--- DIRECTIONS ---
Check each line of the data below for the string "Enabled", then state how many have it and nothing else.

:: RECORDS SHOWN

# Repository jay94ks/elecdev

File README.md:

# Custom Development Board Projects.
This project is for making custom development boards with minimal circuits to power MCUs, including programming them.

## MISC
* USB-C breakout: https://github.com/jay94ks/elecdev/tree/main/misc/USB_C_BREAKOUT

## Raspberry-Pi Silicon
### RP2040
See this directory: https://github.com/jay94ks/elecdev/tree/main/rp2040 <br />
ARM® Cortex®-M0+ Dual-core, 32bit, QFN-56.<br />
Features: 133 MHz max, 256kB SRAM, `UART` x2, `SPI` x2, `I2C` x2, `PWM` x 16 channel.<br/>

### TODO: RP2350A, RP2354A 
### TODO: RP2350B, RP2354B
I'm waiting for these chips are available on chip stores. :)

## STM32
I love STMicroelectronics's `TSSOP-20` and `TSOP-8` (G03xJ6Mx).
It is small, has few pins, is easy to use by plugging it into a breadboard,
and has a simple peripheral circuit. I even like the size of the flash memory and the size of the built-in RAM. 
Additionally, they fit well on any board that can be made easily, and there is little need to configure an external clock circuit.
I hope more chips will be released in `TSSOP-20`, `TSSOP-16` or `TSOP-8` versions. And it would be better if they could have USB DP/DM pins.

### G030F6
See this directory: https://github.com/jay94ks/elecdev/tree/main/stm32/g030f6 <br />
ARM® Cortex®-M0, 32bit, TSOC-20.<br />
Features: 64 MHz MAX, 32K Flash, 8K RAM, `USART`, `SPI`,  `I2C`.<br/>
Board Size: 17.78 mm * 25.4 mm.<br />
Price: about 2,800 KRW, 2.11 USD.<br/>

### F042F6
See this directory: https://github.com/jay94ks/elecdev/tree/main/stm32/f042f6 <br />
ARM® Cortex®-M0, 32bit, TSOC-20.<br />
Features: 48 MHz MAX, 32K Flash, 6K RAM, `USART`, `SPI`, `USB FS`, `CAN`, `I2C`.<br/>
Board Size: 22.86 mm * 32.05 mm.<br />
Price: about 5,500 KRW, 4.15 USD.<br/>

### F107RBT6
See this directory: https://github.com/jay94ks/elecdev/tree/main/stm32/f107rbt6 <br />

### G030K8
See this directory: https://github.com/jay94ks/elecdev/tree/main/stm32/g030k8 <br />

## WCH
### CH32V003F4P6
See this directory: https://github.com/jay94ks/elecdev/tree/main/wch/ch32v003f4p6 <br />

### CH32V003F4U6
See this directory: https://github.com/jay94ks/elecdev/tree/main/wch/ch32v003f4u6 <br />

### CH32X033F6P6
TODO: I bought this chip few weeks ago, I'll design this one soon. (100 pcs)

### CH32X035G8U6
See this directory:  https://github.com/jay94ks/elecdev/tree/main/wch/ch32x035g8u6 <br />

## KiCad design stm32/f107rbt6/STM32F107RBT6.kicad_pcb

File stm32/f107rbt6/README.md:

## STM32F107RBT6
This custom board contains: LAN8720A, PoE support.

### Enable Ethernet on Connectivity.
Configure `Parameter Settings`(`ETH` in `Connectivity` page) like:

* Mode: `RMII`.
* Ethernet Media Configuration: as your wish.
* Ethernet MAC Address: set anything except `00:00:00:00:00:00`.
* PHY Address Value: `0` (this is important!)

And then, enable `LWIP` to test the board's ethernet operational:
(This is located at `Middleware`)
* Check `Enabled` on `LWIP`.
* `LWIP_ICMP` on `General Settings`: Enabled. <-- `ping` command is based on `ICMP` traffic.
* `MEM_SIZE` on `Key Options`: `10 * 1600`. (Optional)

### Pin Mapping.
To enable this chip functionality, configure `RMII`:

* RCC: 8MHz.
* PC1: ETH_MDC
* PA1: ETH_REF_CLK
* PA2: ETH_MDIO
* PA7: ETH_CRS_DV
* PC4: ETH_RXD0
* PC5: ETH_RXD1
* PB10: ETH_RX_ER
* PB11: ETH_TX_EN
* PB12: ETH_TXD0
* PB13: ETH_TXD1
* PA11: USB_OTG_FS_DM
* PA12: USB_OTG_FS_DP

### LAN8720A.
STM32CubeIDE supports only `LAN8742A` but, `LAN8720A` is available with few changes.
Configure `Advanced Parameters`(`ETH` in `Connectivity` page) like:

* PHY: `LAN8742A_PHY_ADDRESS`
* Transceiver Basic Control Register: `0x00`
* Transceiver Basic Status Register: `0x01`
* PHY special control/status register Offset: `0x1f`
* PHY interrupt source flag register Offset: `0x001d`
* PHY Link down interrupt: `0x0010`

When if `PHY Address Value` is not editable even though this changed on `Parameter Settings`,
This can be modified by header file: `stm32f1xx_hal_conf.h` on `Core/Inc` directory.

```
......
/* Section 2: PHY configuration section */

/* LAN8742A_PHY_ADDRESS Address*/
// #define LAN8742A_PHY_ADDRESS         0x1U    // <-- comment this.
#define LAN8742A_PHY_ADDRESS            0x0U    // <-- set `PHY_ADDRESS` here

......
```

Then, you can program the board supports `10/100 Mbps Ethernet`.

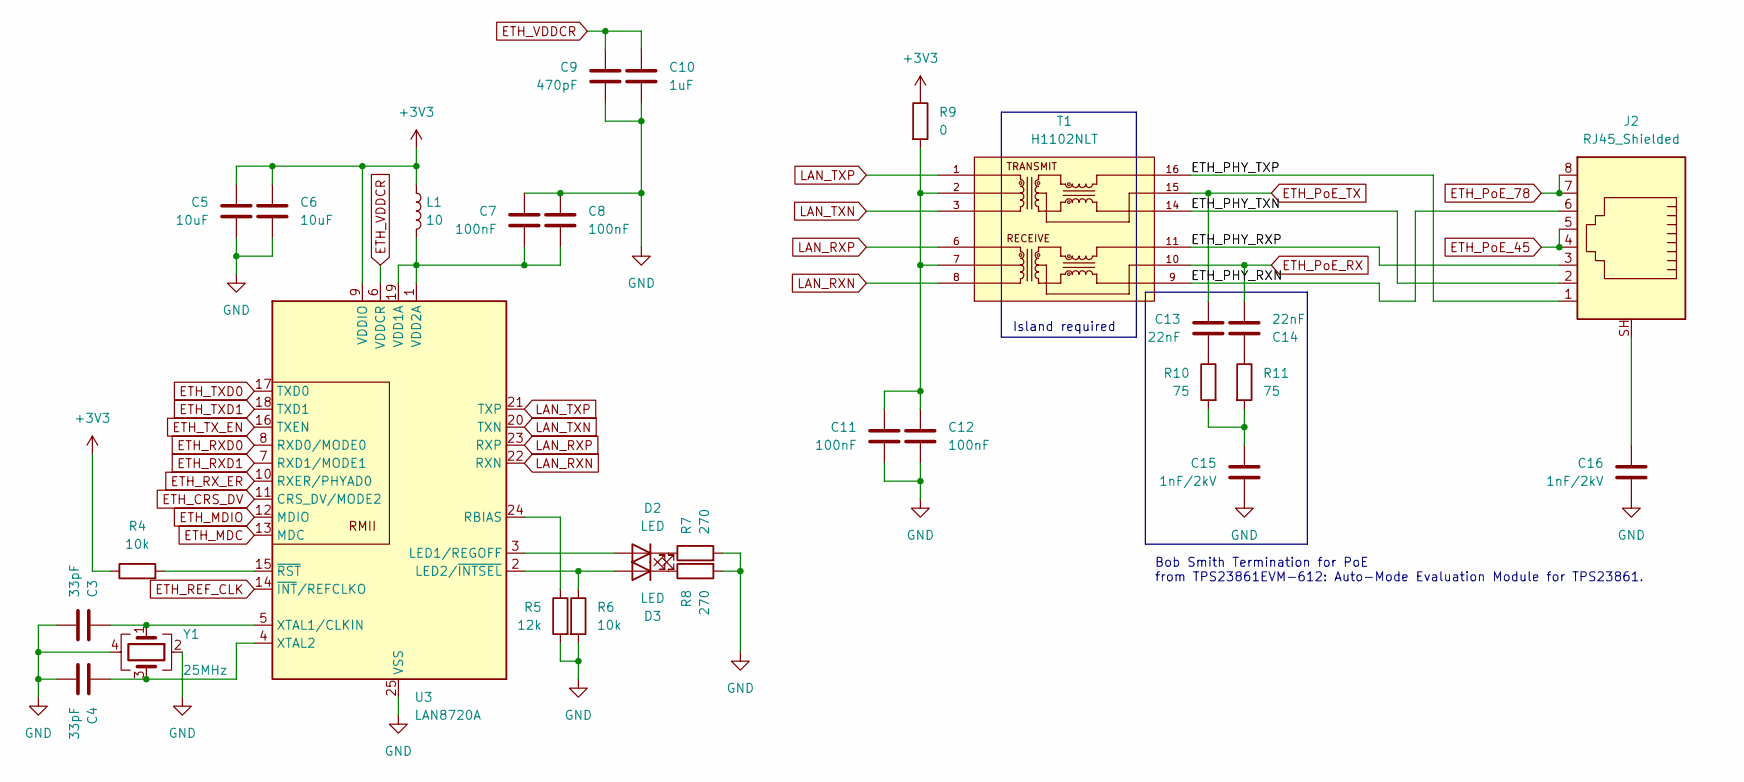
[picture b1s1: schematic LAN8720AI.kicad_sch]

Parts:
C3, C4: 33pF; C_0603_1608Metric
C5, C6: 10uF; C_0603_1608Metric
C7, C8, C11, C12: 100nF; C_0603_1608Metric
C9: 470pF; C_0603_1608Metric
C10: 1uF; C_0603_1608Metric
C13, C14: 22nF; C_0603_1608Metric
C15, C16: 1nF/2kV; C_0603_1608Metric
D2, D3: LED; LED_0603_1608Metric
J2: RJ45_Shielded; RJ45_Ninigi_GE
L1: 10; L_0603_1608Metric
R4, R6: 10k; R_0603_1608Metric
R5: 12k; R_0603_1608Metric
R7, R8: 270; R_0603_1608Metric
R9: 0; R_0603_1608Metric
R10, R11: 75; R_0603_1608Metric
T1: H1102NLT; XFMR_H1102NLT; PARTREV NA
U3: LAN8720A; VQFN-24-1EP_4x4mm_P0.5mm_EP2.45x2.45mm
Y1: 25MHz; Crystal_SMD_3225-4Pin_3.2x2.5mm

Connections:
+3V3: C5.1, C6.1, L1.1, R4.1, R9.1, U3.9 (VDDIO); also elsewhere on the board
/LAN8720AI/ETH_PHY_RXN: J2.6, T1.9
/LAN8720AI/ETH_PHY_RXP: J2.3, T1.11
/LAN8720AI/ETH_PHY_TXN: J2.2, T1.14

::::

--- SOLUTION FOR THIS EXERCISE ---
2